[GIVEN RECORDS]

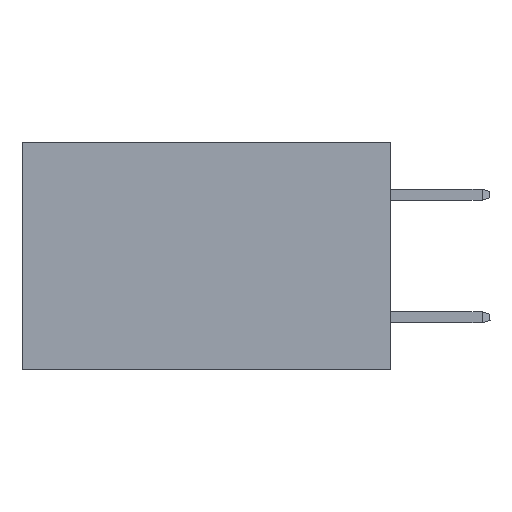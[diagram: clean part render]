
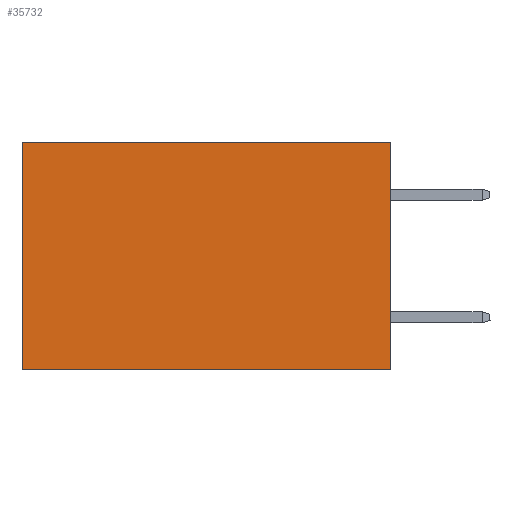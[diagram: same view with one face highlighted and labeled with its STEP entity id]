
A CAD part, left-side view. The second image highlights one B-rep face of the part: STEP entity #35732.
In plain terms, the highlighted planar face has unit normal (-1, 0, 0).
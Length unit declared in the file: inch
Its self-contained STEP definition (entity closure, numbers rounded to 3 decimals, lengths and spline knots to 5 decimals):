
#316 = ORIENTED_EDGE ( 'NONE', *, *, #28405, .T. ) ;
#757 = ORIENTED_EDGE ( 'NONE', *, *, #33569, .T. ) ;
#1398 = VERTEX_POINT ( 'NONE', #32781 ) ;
#4613 = DIRECTION ( 'NONE',  ( 0., 0., -1. ) ) ;
#4912 = VECTOR ( 'NONE', #19105, 39.37008 ) ;
#5006 = LINE ( 'NONE', #20312, #26283 ) ;
#5843 = CARTESIAN_POINT ( 'NONE',  ( 0.2875, 0., 0. ) ) ;
#6906 = VECTOR ( 'NONE', #4613, 39.37008 ) ;
#11700 = VERTEX_POINT ( 'NONE', #41794 ) ;
#12055 = DIRECTION ( 'NONE',  ( 1., 0., 0. ) ) ;
#14685 = EDGE_LOOP ( 'NONE', ( #316, #29771, #16432, #757 ) ) ;
#15236 = VERTEX_POINT ( 'NONE', #21135 ) ;
#16432 = ORIENTED_EDGE ( 'NONE', *, *, #34979, .F. ) ;
#16829 = CARTESIAN_POINT ( 'NONE',  ( 0.2875, 0., 0. ) ) ;
#18897 = DIRECTION ( 'NONE',  ( 0., 1., 0. ) ) ;
#19105 = DIRECTION ( 'NONE',  ( 0., 1., 0. ) ) ;
#19116 = LINE ( 'NONE', #16829, #4912 ) ;
#20312 = CARTESIAN_POINT ( 'NONE',  ( 0.2875, 0.6, 0. ) ) ;
#21135 = CARTESIAN_POINT ( 'NONE',  ( 0.2875, 0., 0. ) ) ;
#22000 = CARTESIAN_POINT ( 'NONE',  ( 0.2875, 0., -0.37 ) ) ;
#22110 = PLANE ( 'NONE',  #31616 ) ;
#23604 = DIRECTION ( 'NONE',  ( 0., 0., -1. ) ) ;
#24278 = LINE ( 'NONE', #22000, #41467 ) ;
#26283 = VECTOR ( 'NONE', #23604, 39.37008 ) ;
#27596 = LINE ( 'NONE', #40100, #6906 ) ;
#28405 = EDGE_CURVE ( 'NONE', #33061, #11700, #5006, .T. ) ;
#29771 = ORIENTED_EDGE ( 'NONE', *, *, #37591, .F. ) ;
#30068 = FACE_OUTER_BOUND ( 'NONE', #14685, .T. ) ;
#31616 = AXIS2_PLACEMENT_3D ( 'NONE', #5843, #12055, #37898 ) ;
#32781 = CARTESIAN_POINT ( 'NONE',  ( 0.2875, 0., -0.37 ) ) ;
#33061 = VERTEX_POINT ( 'NONE', #35526 ) ;
#33569 = EDGE_CURVE ( 'NONE', #15236, #33061, #19116, .T. ) ;
#34979 = EDGE_CURVE ( 'NONE', #15236, #1398, #27596, .T. ) ;
#35526 = CARTESIAN_POINT ( 'NONE',  ( 0.2875, 0.6, 0. ) ) ;
#35732 = ADVANCED_FACE ( 'NONE', ( #30068 ), #22110, .F. ) ;
#37591 = EDGE_CURVE ( 'NONE', #1398, #11700, #24278, .T. ) ;
#37898 = DIRECTION ( 'NONE',  ( 0., 0., -1. ) ) ;
#40100 = CARTESIAN_POINT ( 'NONE',  ( 0.2875, 0., 0. ) ) ;
#41467 = VECTOR ( 'NONE', #18897, 39.37008 ) ;
#41794 = CARTESIAN_POINT ( 'NONE',  ( 0.2875, 0.6, -0.37 ) ) ;

[/GIVEN RECORDS]

Drop the images and copy all the data exactly.

[diagram: clean part render]
[diagram: same view with one face highlighted and labeled with its STEP entity id]
A CAD part, left-side view. The second image highlights one B-rep face of the part: STEP entity #35732.
In plain terms, the highlighted planar face has unit normal (-1, 0, 0).
Length unit declared in the file: inch
Its self-contained STEP definition (entity closure, numbers rounded to 3 decimals, lengths and spline knots to 5 decimals):
#316 = ORIENTED_EDGE ( 'NONE', *, *, #28405, .T. ) ;
#757 = ORIENTED_EDGE ( 'NONE', *, *, #33569, .T. ) ;
#1398 = VERTEX_POINT ( 'NONE', #32781 ) ;
#4613 = DIRECTION ( 'NONE',  ( 0., 0., -1. ) ) ;
#4912 = VECTOR ( 'NONE', #19105, 39.37008 ) ;
#5006 = LINE ( 'NONE', #20312, #26283 ) ;
#5843 = CARTESIAN_POINT ( 'NONE',  ( 0.2875, 0., 0. ) ) ;
#6906 = VECTOR ( 'NONE', #4613, 39.37008 ) ;
#11700 = VERTEX_POINT ( 'NONE', #41794 ) ;
#12055 = DIRECTION ( 'NONE',  ( 1., 0., 0. ) ) ;
#14685 = EDGE_LOOP ( 'NONE', ( #316, #29771, #16432, #757 ) ) ;
#15236 = VERTEX_POINT ( 'NONE', #21135 ) ;
#16432 = ORIENTED_EDGE ( 'NONE', *, *, #34979, .F. ) ;
#16829 = CARTESIAN_POINT ( 'NONE',  ( 0.2875, 0., 0. ) ) ;
#18897 = DIRECTION ( 'NONE',  ( 0., 1., 0. ) ) ;
#19105 = DIRECTION ( 'NONE',  ( 0., 1., 0. ) ) ;
#19116 = LINE ( 'NONE', #16829, #4912 ) ;
#20312 = CARTESIAN_POINT ( 'NONE',  ( 0.2875, 0.6, 0. ) ) ;
#21135 = CARTESIAN_POINT ( 'NONE',  ( 0.2875, 0., 0. ) ) ;
#22000 = CARTESIAN_POINT ( 'NONE',  ( 0.2875, 0., -0.37 ) ) ;
#22110 = PLANE ( 'NONE',  #31616 ) ;
#23604 = DIRECTION ( 'NONE',  ( 0., 0., -1. ) ) ;
#24278 = LINE ( 'NONE', #22000, #41467 ) ;
#26283 = VECTOR ( 'NONE', #23604, 39.37008 ) ;
#27596 = LINE ( 'NONE', #40100, #6906 ) ;
#28405 = EDGE_CURVE ( 'NONE', #33061, #11700, #5006, .T. ) ;
#29771 = ORIENTED_EDGE ( 'NONE', *, *, #37591, .F. ) ;
#30068 = FACE_OUTER_BOUND ( 'NONE', #14685, .T. ) ;
#31616 = AXIS2_PLACEMENT_3D ( 'NONE', #5843, #12055, #37898 ) ;
#32781 = CARTESIAN_POINT ( 'NONE',  ( 0.2875, 0., -0.37 ) ) ;
#33061 = VERTEX_POINT ( 'NONE', #35526 ) ;
#33569 = EDGE_CURVE ( 'NONE', #15236, #33061, #19116, .T. ) ;
#34979 = EDGE_CURVE ( 'NONE', #15236, #1398, #27596, .T. ) ;
#35526 = CARTESIAN_POINT ( 'NONE',  ( 0.2875, 0.6, 0. ) ) ;
#35732 = ADVANCED_FACE ( 'NONE', ( #30068 ), #22110, .F. ) ;
#37591 = EDGE_CURVE ( 'NONE', #1398, #11700, #24278, .T. ) ;
#37898 = DIRECTION ( 'NONE',  ( 0., 0., -1. ) ) ;
#40100 = CARTESIAN_POINT ( 'NONE',  ( 0.2875, 0., 0. ) ) ;
#41467 = VECTOR ( 'NONE', #18897, 39.37008 ) ;
#41794 = CARTESIAN_POINT ( 'NONE',  ( 0.2875, 0.6, -0.37 ) ) ;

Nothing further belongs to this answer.